On August 16, 2012, the CAFC once again issued a ruling, reaching the same
conclusions as in 2011.4 Judges Lourie and Moore reiterated their arguments and
Judge Bryson again dissented. The Solicitor General once again argued that DNA
molecules corresponding to sequences found in nature should not be patent-eligible
in a second amicus curiae brief. Judges Lourie and Moore argued that the Supreme
Court’s decision in Mayo is not directly applicable to the claims on isolated DNA
molecules because Mayo addresses method claims, not composition of matter claims.
Judge Bryson’s dissent and the Solicitor General’s amicus brief argue that Mayo is
relevant by analogy, and the underlying problem is the same—that exclusive rights
extend too far upstream and pre-empt research and follow-on invention beyond the
contributions of the inventors. In September 2012, ACLU once again petitioned for
Supreme Court review. The Court should decide in late 2012 whether to review the
case.
Cancer Voices Australia v Myriad
Several patents in Australia pertain to BRCA1/2 testing. Rights to those patents in
Australia and New Zealand were licensed by Myriad to Genetic Technologies Ltd
(GTG), an Australian firm that holds patent rights to use of intronic DNA sequences.

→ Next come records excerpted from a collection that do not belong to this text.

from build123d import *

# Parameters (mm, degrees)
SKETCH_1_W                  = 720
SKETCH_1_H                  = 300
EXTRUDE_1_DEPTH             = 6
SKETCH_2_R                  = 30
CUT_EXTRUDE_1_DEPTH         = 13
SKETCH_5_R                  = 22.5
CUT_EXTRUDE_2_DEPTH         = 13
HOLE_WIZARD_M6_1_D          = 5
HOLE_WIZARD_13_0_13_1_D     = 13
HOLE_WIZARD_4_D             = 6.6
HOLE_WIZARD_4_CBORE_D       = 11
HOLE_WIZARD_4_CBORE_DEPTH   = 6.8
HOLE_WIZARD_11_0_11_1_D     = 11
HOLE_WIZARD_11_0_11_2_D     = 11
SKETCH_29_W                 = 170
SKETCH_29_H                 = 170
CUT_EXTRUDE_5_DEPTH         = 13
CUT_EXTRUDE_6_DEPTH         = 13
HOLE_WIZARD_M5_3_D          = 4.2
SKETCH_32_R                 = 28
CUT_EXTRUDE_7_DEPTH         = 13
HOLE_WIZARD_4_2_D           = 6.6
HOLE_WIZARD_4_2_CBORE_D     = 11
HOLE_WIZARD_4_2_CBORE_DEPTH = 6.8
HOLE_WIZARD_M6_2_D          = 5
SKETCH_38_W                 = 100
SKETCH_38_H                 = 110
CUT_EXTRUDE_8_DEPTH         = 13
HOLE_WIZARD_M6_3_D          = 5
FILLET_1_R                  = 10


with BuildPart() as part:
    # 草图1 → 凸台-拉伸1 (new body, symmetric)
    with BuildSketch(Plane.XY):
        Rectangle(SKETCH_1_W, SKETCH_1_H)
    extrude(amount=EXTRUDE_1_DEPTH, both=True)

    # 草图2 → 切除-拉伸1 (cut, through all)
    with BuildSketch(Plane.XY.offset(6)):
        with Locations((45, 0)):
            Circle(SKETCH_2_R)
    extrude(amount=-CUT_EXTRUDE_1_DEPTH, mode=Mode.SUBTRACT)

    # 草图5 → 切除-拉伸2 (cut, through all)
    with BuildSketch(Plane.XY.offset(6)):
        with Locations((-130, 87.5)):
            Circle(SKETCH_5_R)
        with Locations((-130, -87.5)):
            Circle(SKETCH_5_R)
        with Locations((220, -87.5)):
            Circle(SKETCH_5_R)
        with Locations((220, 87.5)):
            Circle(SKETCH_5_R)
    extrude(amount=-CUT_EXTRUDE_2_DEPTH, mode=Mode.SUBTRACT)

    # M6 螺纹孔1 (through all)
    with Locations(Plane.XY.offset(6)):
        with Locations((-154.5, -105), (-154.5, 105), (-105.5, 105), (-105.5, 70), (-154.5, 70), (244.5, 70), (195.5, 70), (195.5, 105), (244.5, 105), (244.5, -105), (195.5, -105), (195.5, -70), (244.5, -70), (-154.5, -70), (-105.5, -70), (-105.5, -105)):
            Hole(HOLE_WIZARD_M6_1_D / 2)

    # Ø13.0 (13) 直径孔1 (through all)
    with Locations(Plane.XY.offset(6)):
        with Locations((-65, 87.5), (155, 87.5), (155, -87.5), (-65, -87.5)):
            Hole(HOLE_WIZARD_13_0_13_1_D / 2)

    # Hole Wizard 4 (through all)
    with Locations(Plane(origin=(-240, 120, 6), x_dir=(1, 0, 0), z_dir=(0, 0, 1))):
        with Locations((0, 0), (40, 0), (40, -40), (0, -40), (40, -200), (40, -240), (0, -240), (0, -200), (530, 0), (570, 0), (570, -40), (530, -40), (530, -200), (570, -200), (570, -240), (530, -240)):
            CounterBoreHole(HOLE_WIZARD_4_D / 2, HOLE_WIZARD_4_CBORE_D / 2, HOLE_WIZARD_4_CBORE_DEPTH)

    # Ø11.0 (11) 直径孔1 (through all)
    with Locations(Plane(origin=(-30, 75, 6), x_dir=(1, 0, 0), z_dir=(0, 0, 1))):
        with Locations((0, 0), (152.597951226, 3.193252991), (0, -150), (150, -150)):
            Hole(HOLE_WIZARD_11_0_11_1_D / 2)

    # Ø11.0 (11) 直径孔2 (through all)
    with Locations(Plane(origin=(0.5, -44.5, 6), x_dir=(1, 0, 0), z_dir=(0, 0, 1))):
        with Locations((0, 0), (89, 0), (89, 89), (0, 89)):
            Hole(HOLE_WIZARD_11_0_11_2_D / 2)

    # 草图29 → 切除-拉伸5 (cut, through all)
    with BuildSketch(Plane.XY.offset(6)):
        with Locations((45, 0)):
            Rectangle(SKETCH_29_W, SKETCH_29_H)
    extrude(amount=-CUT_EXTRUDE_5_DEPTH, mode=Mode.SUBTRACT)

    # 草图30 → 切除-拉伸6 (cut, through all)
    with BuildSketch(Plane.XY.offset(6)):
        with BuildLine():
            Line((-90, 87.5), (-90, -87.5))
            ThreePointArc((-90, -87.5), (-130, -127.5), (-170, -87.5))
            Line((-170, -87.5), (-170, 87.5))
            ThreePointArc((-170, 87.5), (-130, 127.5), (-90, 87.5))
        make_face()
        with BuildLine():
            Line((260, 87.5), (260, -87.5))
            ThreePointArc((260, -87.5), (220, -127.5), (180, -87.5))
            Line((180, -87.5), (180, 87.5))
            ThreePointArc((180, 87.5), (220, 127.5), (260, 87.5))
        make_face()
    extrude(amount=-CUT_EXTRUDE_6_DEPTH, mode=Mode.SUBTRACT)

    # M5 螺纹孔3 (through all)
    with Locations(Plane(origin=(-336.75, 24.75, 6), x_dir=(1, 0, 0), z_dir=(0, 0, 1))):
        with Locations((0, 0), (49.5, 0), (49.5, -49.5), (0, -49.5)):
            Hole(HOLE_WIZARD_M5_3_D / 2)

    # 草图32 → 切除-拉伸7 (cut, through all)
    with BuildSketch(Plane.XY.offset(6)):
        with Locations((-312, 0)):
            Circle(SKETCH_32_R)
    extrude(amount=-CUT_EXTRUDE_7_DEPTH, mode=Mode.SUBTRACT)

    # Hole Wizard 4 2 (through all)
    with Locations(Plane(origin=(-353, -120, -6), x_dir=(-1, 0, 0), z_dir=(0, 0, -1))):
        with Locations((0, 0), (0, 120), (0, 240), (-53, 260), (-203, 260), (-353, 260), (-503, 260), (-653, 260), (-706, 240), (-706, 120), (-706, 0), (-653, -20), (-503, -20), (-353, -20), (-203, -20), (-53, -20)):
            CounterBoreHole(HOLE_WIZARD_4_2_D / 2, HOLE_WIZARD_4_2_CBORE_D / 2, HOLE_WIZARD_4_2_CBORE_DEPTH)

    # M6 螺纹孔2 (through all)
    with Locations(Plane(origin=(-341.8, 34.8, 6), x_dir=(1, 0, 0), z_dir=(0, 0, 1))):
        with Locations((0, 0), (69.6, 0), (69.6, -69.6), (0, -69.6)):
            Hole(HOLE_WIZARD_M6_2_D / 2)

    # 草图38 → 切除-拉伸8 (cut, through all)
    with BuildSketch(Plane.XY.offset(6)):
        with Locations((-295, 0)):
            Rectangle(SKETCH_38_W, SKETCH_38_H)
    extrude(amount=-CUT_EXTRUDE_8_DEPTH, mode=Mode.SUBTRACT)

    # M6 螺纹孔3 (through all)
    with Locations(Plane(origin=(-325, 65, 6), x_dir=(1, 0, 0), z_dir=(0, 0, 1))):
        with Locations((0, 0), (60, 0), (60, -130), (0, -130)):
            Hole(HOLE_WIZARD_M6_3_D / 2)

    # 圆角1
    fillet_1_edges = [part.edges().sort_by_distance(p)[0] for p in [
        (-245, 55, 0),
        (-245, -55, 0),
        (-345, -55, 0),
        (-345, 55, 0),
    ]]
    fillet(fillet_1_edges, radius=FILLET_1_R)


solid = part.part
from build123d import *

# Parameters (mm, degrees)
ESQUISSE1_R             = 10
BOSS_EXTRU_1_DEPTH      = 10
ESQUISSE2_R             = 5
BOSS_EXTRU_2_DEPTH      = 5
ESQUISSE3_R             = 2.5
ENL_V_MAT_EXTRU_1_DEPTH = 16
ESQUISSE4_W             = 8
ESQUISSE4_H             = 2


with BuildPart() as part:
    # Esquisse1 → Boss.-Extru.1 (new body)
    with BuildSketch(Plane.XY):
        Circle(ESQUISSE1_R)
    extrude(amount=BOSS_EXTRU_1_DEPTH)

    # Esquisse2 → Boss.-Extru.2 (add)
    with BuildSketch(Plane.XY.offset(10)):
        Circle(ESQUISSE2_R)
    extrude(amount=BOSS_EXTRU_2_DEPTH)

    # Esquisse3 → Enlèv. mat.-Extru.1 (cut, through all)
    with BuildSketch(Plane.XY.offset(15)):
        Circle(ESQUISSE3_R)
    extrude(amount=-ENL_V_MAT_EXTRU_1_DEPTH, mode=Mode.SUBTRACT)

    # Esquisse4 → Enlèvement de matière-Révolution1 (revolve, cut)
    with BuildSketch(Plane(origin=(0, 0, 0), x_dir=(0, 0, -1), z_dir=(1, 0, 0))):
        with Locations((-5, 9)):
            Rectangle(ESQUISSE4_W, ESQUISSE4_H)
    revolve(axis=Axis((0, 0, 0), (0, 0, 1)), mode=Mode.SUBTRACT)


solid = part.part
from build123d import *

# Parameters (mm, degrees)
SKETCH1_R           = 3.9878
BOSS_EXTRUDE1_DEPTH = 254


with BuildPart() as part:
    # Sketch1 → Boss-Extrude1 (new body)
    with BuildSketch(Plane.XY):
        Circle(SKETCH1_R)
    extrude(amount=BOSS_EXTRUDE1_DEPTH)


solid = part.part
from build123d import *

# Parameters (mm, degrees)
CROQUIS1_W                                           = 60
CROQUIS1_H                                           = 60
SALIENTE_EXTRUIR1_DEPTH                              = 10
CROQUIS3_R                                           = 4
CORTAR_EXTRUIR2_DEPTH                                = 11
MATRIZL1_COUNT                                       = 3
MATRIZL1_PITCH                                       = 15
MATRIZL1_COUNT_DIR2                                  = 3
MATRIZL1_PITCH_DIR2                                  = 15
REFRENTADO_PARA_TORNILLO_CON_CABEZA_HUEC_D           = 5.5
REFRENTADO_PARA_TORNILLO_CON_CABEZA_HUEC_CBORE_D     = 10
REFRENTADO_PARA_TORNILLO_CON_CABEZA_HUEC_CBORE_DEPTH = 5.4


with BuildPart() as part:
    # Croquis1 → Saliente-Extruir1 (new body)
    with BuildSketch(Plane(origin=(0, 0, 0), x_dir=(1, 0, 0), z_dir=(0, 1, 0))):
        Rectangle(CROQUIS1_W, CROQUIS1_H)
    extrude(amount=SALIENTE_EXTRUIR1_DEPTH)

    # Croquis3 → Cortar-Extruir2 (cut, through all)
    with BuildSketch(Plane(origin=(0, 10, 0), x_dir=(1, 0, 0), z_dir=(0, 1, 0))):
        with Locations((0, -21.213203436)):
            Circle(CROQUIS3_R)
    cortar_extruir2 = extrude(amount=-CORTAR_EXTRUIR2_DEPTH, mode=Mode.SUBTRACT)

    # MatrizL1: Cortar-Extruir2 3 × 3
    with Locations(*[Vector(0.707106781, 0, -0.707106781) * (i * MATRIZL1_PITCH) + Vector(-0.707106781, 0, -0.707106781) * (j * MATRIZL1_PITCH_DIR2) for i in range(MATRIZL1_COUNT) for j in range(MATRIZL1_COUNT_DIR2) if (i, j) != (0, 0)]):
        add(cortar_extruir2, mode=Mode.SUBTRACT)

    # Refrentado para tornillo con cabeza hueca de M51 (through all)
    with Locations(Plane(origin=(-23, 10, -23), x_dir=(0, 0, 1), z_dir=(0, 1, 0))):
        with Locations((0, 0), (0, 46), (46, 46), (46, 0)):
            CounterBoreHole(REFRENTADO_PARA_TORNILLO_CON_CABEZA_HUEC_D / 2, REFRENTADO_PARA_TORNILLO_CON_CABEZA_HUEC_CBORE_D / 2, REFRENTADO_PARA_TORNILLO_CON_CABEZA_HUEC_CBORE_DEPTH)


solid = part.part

The licensing agreement resulted from a cross-licensing agreement. A patent
dispute between the two firms over their respective patent holdings led to the
settlement, as described by Gold and Carbone.3 GTG then announced it would not
enforce its BRCA patent rights against Australian provincial health department
laboratories, but instead announced BRCA rights would be the firm’s “gift” to the
people of Australia. When GTG was under financial pressure in the summer of 2008,
however, the CEO announced an intention to start enforcing patent rights, which
triggered a media firestorm. By October, the company, now under new
management, announced it would not enforce its BRCA patent rights. Partly in
reaction to the public controversy, the Australian Senate held a series of hearings,
and prepared a report.5 Cancer Voices Australia also sued Myriad and GTG in a case
that went to trial in February 2012.6 That trial is over, and the court’s decision is
pending.
1. Association of Molecular Pathologists v US Patent and Trademark Office. US
District Court, Southern District of New York, 2009-cv-04515-RWS, March 16,
2010.
2. U.S. Court of Appeals for the Federal Circuit. Association of Molecular Pathology v
US Patent and Trademark Office, US Court of Appeals for the Federal Circuit,
2010-1406, July 29, 2011.
3. Gold ER, Carbone J. Myriad Genetics: In the eye of the policy storm. Genet Med
2010;12(4 Suppl):S39-70.
4. Association of Molecular Pathologists v US Patent and Trademark Office. Rev'd in
part; aff'd in part ed: US Court of Appeals for the Federal Circuit, 2010-1406,
August 16, 2012.
5. Legal and Constitution Affairs Legislation Committee, Australian Senate, "Patent
Amendment (Human Genes and Biological Materials) Bill 2010, September
2010 (ISBN: 978-1-74229-475-9).
6. Cancer Voices Australia et al. v. Myriad Genetics Inc. et al. Federal Court of
Australia, NSD643/2010, 8 June 2010.